In the current competitive environment E&P companies must take greater financial risks to access frontier areas and new prospective plays. Between block award signing bonuses and work commitments, oil companies can spend hundreds of millions of dollars before drilling the first well in an exploration program. In frontier areas where seismic and well data do not exist or are lacking, the perceived risk is even greater.

Basin 1 Figure 1

FIGURE 1. The base map shows the regional distribution of lines designed to image key geologic features. (Images courtesy of ION)

Although no commercial wells have been drilled, northeast Greenland is believed to be highly prospective with resource estimates of 31 Bboe. Exhumed oil deposits to the southwest in the Traill O area and a conjugate margin connection to the highly productive North Sea suggest evidence of an active petroleum system. Yet there are no regional ties between these potential end members that can reduce exploration uncertainty in this untested area.

A regional understanding of basins and petroleum systems can provide the geological context to help reduce uncertainty of play types and high-grade the most prospective areas. To deliver this kind of information, ION introduced BasinSPAN regional 2-D programs to help E&P companies focus in the most prospective areas.

Using this kind of exploration framework, E&P companies can mitigate exploration risk by placing all play types within a calibrated regional framework that enables them to compare their portfolio of opportunities.

Exploring the Arctic

ION’s ArcticSPAN programs are taking a first look at new exploration frontiers. The three phases of the northeast Greenland program were designed to deliver a more comprehensive understanding of the geologic structure, providing a basin-scale 2-D seismic framework of the entire petroleum province. The geophysical objectives were achieved by defining image requirements and then working back through the seismic workflow to define the appropriate acquisition and processing technologies and methodologies. The company first employed its new proprietary under-ice arctic technology, acquiring 17,500 km (10,658 miles) of data in areas previously inaccessible because of heavy ice coverage.

Rather than using a conventional symmetrical grid, the surveys take a geologic approach designed to cross geologic structures and tie key data points. The lines purposely intersect wells and recent discoveries to provide stratigraphic calibration wherever possible. Global and regional geologic models are incorporated to design and set limits for acquisition. Critical building blocks of this process include understanding basin crustal geometry and sedimentary architecture and the implications to the thermal history and maturity within a basin.

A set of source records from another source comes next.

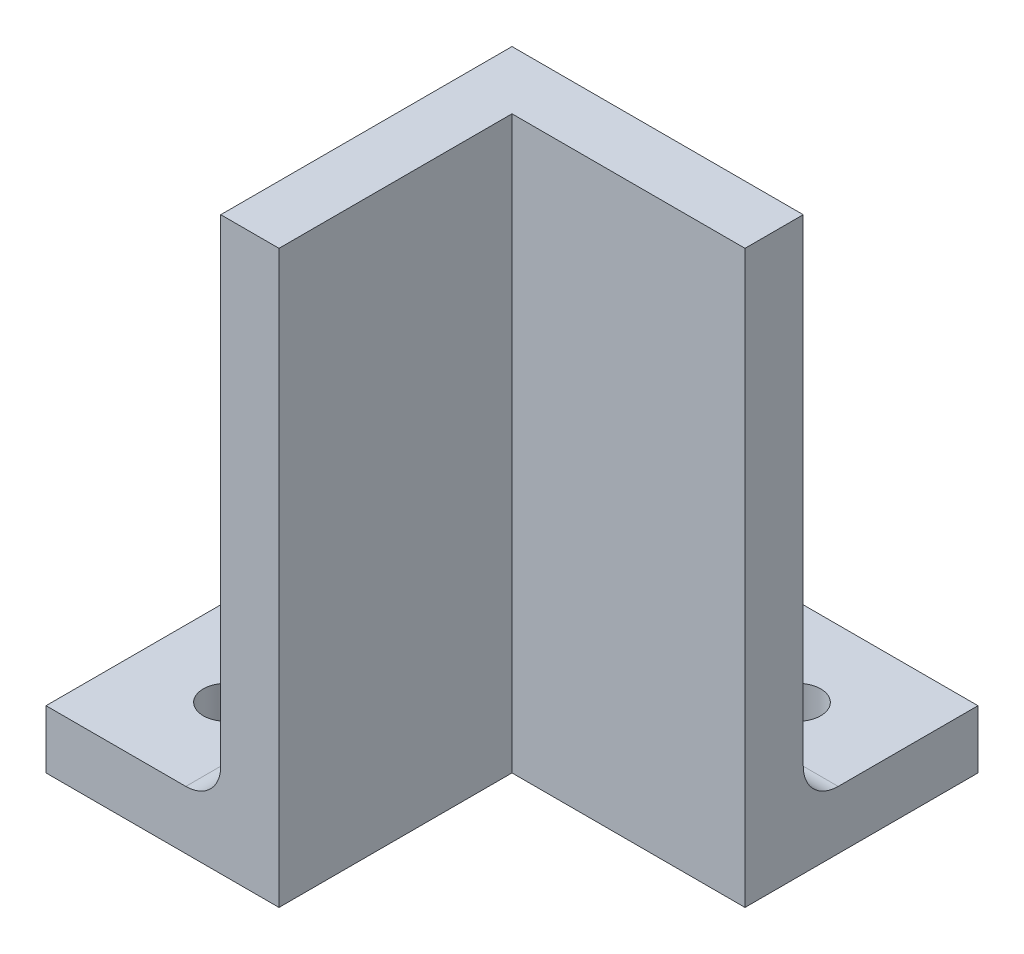
ISO-10303-21;
HEADER;
FILE_DESCRIPTION(('STEP AP214'),'2;1');
FILE_NAME('part.step','',(''),(''),'','','');
FILE_SCHEMA(('AUTOMOTIVE_DESIGN { 1 0 10303 214 1 1 1 1 }'));
ENDSEC;
DATA;
#1=APPLICATION_CONTEXT('core data for automotive mechanical design processes');
#2=APPLICATION_PROTOCOL_DEFINITION('international standard','automotive_design',2000,#1);
#3=PRODUCT_CONTEXT('',#1,'mechanical');
#4=PRODUCT('Part','Part','',(#3));
#5=PRODUCT_RELATED_PRODUCT_CATEGORY('part','',(#4));
#6=PRODUCT_DEFINITION_FORMATION('','',#4);
#7=PRODUCT_DEFINITION_CONTEXT('part definition',#1,'design');
#8=PRODUCT_DEFINITION('design','',#6,#7);
#9=PRODUCT_DEFINITION_SHAPE('','',#8);
#10=(LENGTH_UNIT() NAMED_UNIT(*) SI_UNIT(.MILLI.,.METRE.));
#11=(NAMED_UNIT(*) PLANE_ANGLE_UNIT() SI_UNIT($,.RADIAN.));
#12=(NAMED_UNIT(*) SI_UNIT($,.STERADIAN.) SOLID_ANGLE_UNIT());
#13=UNCERTAINTY_MEASURE_WITH_UNIT(LENGTH_MEASURE(1.E-05),#10,'distance_accuracy_value','');
#14=(GEOMETRIC_REPRESENTATION_CONTEXT(3) GLOBAL_UNCERTAINTY_ASSIGNED_CONTEXT((#13)) GLOBAL_UNIT_ASSIGNED_CONTEXT((#10,
#11,#12)) REPRESENTATION_CONTEXT('',''));
#15=CARTESIAN_POINT('',(0.,0.,0.));
#16=DIRECTION('',(0.,0.,1.));
#17=DIRECTION('',(1.,0.,0.));
#18=AXIS2_PLACEMENT_3D('',#15,#16,#17);
#19=CARTESIAN_POINT('',(0.,5.,0.));
#20=DIRECTION('',(0.,1.,0.));
#21=DIRECTION('',(0.,0.,1.));
#22=AXIS2_PLACEMENT_3D('',#19,#20,#21);
#23=PLANE('',#22);
#24=CARTESIAN_POINT('',(-12.5,5.,12.));
#25=DIRECTION('',(0.,1.,0.));
#26=DIRECTION('',(0.,0.,1.));
#27=AXIS2_PLACEMENT_3D('',#24,#25,#26);
#28=CIRCLE('',#27,2.);
#29=CARTESIAN_POINT('',(-12.5,5.,14.));
#30=VERTEX_POINT('',#29);
#31=EDGE_CURVE('E151',#30,#30,#28,.T.);
#32=ORIENTED_EDGE('',*,*,#31,.F.);
#33=EDGE_LOOP('',(#32));
#34=FACE_BOUND('',#33,.T.);
#35=CARTESIAN_POINT('',(-12.5,5.,0.));
#36=DIRECTION('',(0.,1.,0.));
#37=DIRECTION('',(0.,0.,1.));
#38=AXIS2_PLACEMENT_3D('',#35,#36,#37);
#39=CIRCLE('',#38,2.);
#40=CARTESIAN_POINT('',(-12.5,5.,2.));
#41=VERTEX_POINT('',#40);
#42=EDGE_CURVE('E217',#41,#41,#39,.T.);
#43=ORIENTED_EDGE('',*,*,#42,.F.);
#44=EDGE_LOOP('',(#43));
#45=FACE_BOUND('',#44,.T.);
#46=CARTESIAN_POINT('',(0.,5.,-12.5));
#47=DIRECTION('',(0.,1.,0.));
#48=DIRECTION('',(0.,0.,1.));
#49=AXIS2_PLACEMENT_3D('',#46,#47,#48);
#50=CIRCLE('',#49,2.);
#51=CARTESIAN_POINT('',(0.,5.,-10.5));
#52=VERTEX_POINT('',#51);
#53=EDGE_CURVE('E469',#52,#52,#50,.T.);
#54=ORIENTED_EDGE('',*,*,#53,.F.);
#55=EDGE_LOOP('',(#54));
#56=FACE_BOUND('',#55,.T.);
#57=CARTESIAN_POINT('',(12.,5.,-12.5));
#58=DIRECTION('',(0.,1.,0.));
#59=DIRECTION('',(0.,0.,1.));
#60=AXIS2_PLACEMENT_3D('',#57,#58,#59);
#61=CIRCLE('',#60,2.);
#62=CARTESIAN_POINT('',(12.,5.,-10.5));
#63=VERTEX_POINT('',#62);
#64=EDGE_CURVE('E154',#63,#63,#61,.T.);
#65=ORIENTED_EDGE('',*,*,#64,.F.);
#66=EDGE_LOOP('',(#65));
#67=FACE_BOUND('',#66,.T.);
#68=CARTESIAN_POINT('',(-12.5,5.,-12.5));
#69=DIRECTION('',(0.,1.,0.));
#70=DIRECTION('',(0.,0.,1.));
#71=AXIS2_PLACEMENT_3D('',#68,#69,#70);
#72=CIRCLE('',#71,2.);
#73=CARTESIAN_POINT('',(-12.5,5.,-10.5));
#74=VERTEX_POINT('',#73);
#75=EDGE_CURVE('E467',#74,#74,#72,.T.);
#76=ORIENTED_EDGE('',*,*,#75,.F.);
#77=EDGE_LOOP('',(#76));
#78=FACE_BOUND('',#77,.T.);
#79=DIRECTION('',(-1.,0.,0.));
#80=VECTOR('',#79,1.);
#81=CARTESIAN_POINT('',(20.,5.,-20.));
#82=LINE('',#81,#80);
#83=CARTESIAN_POINT('',(20.,5.,-20.));
#84=VERTEX_POINT('',#83);
#85=CARTESIAN_POINT('',(-17.,5.,-20.));
#86=VERTEX_POINT('',#85);
#87=EDGE_CURVE('E182',#84,#86,#82,.T.);
#88=ORIENTED_EDGE('',*,*,#87,.T.);
#89=CARTESIAN_POINT('',(-17.,5.,-17.));
#90=DIRECTION('',(0.,1.,0.));
#91=DIRECTION('',(0.,0.,1.));
#92=AXIS2_PLACEMENT_3D('',#89,#90,#91);
#93=CIRCLE('',#92,3.);
#94=CARTESIAN_POINT('',(-20.,5.,-17.));
#95=VERTEX_POINT('',#94);
#96=EDGE_CURVE('E11',#86,#95,#93,.T.);
#97=ORIENTED_EDGE('',*,*,#96,.T.);
#98=DIRECTION('',(0.,0.,1.));
#99=VECTOR('',#98,1.);
#100=CARTESIAN_POINT('',(-20.,5.,20.));
#101=LINE('',#100,#99);
#102=CARTESIAN_POINT('',(-20.,5.,20.));
#103=VERTEX_POINT('',#102);
#104=EDGE_CURVE('E174',#95,#103,#101,.T.);
#105=ORIENTED_EDGE('',*,*,#104,.T.);
#106=DIRECTION('',(1.,0.,0.));
#107=VECTOR('',#106,1.);
#108=CARTESIAN_POINT('',(-20.,5.,20.));
#109=LINE('',#108,#107);
#110=CARTESIAN_POINT('',(-8.,5.,20.));
#111=VERTEX_POINT('',#110);
#112=EDGE_CURVE('E176',#103,#111,#109,.T.);
#113=ORIENTED_EDGE('',*,*,#112,.T.);
#114=DIRECTION('',(0.,0.,-1.));
#115=VECTOR('',#114,1.);
#116=CARTESIAN_POINT('',(-8.,5.,-5.));
#117=LINE('',#116,#115);
#118=CARTESIAN_POINT('',(-8.,5.,-8.));
#119=VERTEX_POINT('',#118);
#120=EDGE_CURVE('E204',#111,#119,#117,.T.);
#121=ORIENTED_EDGE('',*,*,#120,.T.);
#122=DIRECTION('',(-1.,0.,0.));
#123=VECTOR('',#122,1.);
#124=CARTESIAN_POINT('',(0.,5.,-8.));
#125=LINE('',#124,#123);
#126=CARTESIAN_POINT('',(20.,5.,-8.));
#127=VERTEX_POINT('',#126);
#128=EDGE_CURVE('E206',#119,#127,#125,.F.);
#129=ORIENTED_EDGE('',*,*,#128,.T.);
#130=DIRECTION('',(0.,0.,-1.));
#131=VECTOR('',#130,1.);
#132=CARTESIAN_POINT('',(20.,5.,0.));
#133=LINE('',#132,#131);
#134=EDGE_CURVE('E180',#127,#84,#133,.T.);
#135=ORIENTED_EDGE('',*,*,#134,.T.);
#136=EDGE_LOOP('',(#88,#97,#105,#113,#121,#129,#135));
#137=FACE_BOUND('',#136,.T.);
#138=ADVANCED_FACE('F36',(#34,#45,#56,#67,#78,#137),#23,.T.);
#139=CARTESIAN_POINT('',(-20.,5.,20.));
#140=DIRECTION('',(1.,0.,0.));
#141=DIRECTION('',(0.,0.,-1.));
#142=AXIS2_PLACEMENT_3D('',#139,#140,#141);
#143=PLANE('',#142);
#144=ORIENTED_EDGE('',*,*,#104,.F.);
#145=DIRECTION('',(0.,-1.,0.));
#146=VECTOR('',#145,1.);
#147=CARTESIAN_POINT('',(-20.,5.,-17.));
#148=LINE('',#147,#146);
#149=CARTESIAN_POINT('',(-20.,0.,-17.));
#150=VERTEX_POINT('',#149);
#151=EDGE_CURVE('E214',#95,#150,#148,.T.);
#152=ORIENTED_EDGE('',*,*,#151,.T.);
#153=DIRECTION('',(0.,0.,1.));
#154=VECTOR('',#153,1.);
#155=CARTESIAN_POINT('',(-20.,0.,20.));
#156=LINE('',#155,#154);
#157=CARTESIAN_POINT('',(-20.,0.,20.));
#158=VERTEX_POINT('',#157);
#159=EDGE_CURVE('E173',#150,#158,#156,.T.);
#160=ORIENTED_EDGE('',*,*,#159,.T.);
#161=DIRECTION('',(0.,-1.,0.));
#162=VECTOR('',#161,1.);
#163=CARTESIAN_POINT('',(-20.,5.,20.));
#164=LINE('',#163,#162);
#165=EDGE_CURVE('E198',#103,#158,#164,.T.);
#166=ORIENTED_EDGE('',*,*,#165,.F.);
#167=EDGE_LOOP('',(#144,#152,#160,#166));
#168=FACE_BOUND('',#167,.T.);
#169=ADVANCED_FACE('F223',(#168),#143,.F.);
#170=CARTESIAN_POINT('',(-20.,5.,20.));
#171=DIRECTION('',(0.,0.,-1.));
#172=DIRECTION('',(-1.,0.,0.));
#173=AXIS2_PLACEMENT_3D('',#170,#171,#172);
#174=PLANE('',#173);
#175=DIRECTION('',(1.,0.,0.));
#176=VECTOR('',#175,1.);
#177=CARTESIAN_POINT('',(-20.,0.,20.));
#178=LINE('',#177,#176);
#179=CARTESIAN_POINT('',(0.,0.,20.));
#180=VERTEX_POINT('',#179);
#181=EDGE_CURVE('E186',#158,#180,#178,.T.);
#182=ORIENTED_EDGE('',*,*,#181,.T.);
#183=DIRECTION('',(0.,-1.,0.));
#184=VECTOR('',#183,1.);
#185=CARTESIAN_POINT('',(0.,5.,20.));
#186=LINE('',#185,#184);
#187=CARTESIAN_POINT('',(0.,49.,20.));
#188=VERTEX_POINT('',#187);
#189=EDGE_CURVE('E132',#188,#180,#186,.T.);
#190=ORIENTED_EDGE('',*,*,#189,.F.);
#191=DIRECTION('',(1.,0.,0.));
#192=VECTOR('',#191,1.);
#193=CARTESIAN_POINT('',(0.,49.,20.));
#194=LINE('',#193,#192);
#195=CARTESIAN_POINT('',(-5.,49.,20.));
#196=VERTEX_POINT('',#195);
#197=EDGE_CURVE('E147',#196,#188,#194,.T.);
#198=ORIENTED_EDGE('',*,*,#197,.F.);
#199=DIRECTION('',(0.,-1.,0.));
#200=VECTOR('',#199,1.);
#201=CARTESIAN_POINT('',(-5.,49.,20.));
#202=LINE('',#201,#200);
#203=CARTESIAN_POINT('',(-5.,8.,20.));
#204=VERTEX_POINT('',#203);
#205=EDGE_CURVE('E164',#196,#204,#202,.T.);
#206=ORIENTED_EDGE('',*,*,#205,.T.);
#207=CARTESIAN_POINT('',(-8.,8.,20.));
#208=DIRECTION('',(0.,0.,-1.));
#209=DIRECTION('',(-1.,0.,0.));
#210=AXIS2_PLACEMENT_3D('',#207,#208,#209);
#211=CIRCLE('',#210,3.);
#212=EDGE_CURVE('E212',#204,#111,#211,.T.);
#213=ORIENTED_EDGE('',*,*,#212,.T.);
#214=ORIENTED_EDGE('',*,*,#112,.F.);
#215=ORIENTED_EDGE('',*,*,#165,.T.);
#216=EDGE_LOOP('',(#182,#190,#198,#206,#213,#214,#215));
#217=FACE_BOUND('',#216,.T.);
#218=ADVANCED_FACE('F231',(#217),#174,.F.);
#219=CARTESIAN_POINT('',(0.,5.,20.));
#220=DIRECTION('',(-1.,0.,0.));
#221=DIRECTION('',(0.,0.,1.));
#222=AXIS2_PLACEMENT_3D('',#219,#220,#221);
#223=PLANE('',#222);
#224=DIRECTION('',(0.,0.,-1.));
#225=VECTOR('',#224,1.);
#226=CARTESIAN_POINT('',(0.,0.,20.));
#227=LINE('',#226,#225);
#228=CARTESIAN_POINT('',(0.,0.,0.));
#229=VERTEX_POINT('',#228);
#230=EDGE_CURVE('E129',#180,#229,#227,.T.);
#231=ORIENTED_EDGE('',*,*,#230,.T.);
#232=DIRECTION('',(0.,-1.,0.));
#233=VECTOR('',#232,1.);
#234=CARTESIAN_POINT('',(0.,5.,0.));
#235=LINE('',#234,#233);
#236=CARTESIAN_POINT('',(0.,49.,0.));
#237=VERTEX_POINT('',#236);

Because of the depth and stratigraphic resolution provided by these surveys, it is possible to understand and reconstruct a basin’s tectonic evolution at a crustal scale. Interpretation reports illustrate the geometry and nature of stratigraphic horizons from the water bottom to Moho. Crustal thickness and sediment isopach maps created from these data provide a regional context for defining exploration play fairways.

Basin-scale depth imaging also provides a basis for studying and gaining insight from conjugate margins globally. Understanding basin evolution at the regional scale requires imaging both margins within the basin. Programs are designed and oriented to consider the paleogeography as the basin formed, providing the most accurate data to explore both sides of a basin.

Basin 1 Figure 2

FIGURE 2. The Northeast GreenlandSPAN data provided new insights, resulting in a revised plate reconstruction model of the North Atlantic 55 million years ago.

Greenland

The northeast Greenland Shelf is the conjugate margin to the Lofoten and V?ring margins of Norway prior to continental breakup. The new data provide evidence of a continent-ocean transition that occurred closer to the Greenland coastline than previous interpretations allowed for. This interpretation impacts the breakup history of both the Greenland and conjugate Norwegian margins and has led to a revised plate reconstruction model of the North Atlantic (Figure 2).

In large geographic areas with limited data, nonseismic methods are integrated with seismic data to cost-effectively develop higher resolution 3-D images. Combining gravity and seismic data gives a more complete picture of fault geometry, salt distribution, and crustal type.

As part of the Northeast GreenlandSPAN program, ION partnered with ARKeX to acquire the world’s largest offshore 3-D multiclient airborne full-tensor gravity gradiometry (FTG) survey spanning 50,000 sq km (19,305 sq miles). The integration with existing 2-D seismic data has led to an improved understanding of fault linkages, basement composition, and the geometry and continuity of salt bodies. The section shown in Figure 3 shows how high-resolution gravity gradiometry is integrated with regional 2-D seismic to improve the architectural understanding of salt geometries within a basin.

Integrating gravity also provides constraints in velocity model-building by revealing density contrasts within a given area. Iterating between seismic, magnetic, and gravity data makes it easier to identify densities of subsurface layers to achieve the best match.

The data revealed new insights into the subsurface, identifying play types and structural leads and suggesting that oil-prone Jurassic source rocks are present over much of the area. These interpretations, coupled with the observations on the conjugate Mid-Norway margin, indicate that the area has excellent hydrocarbon potential.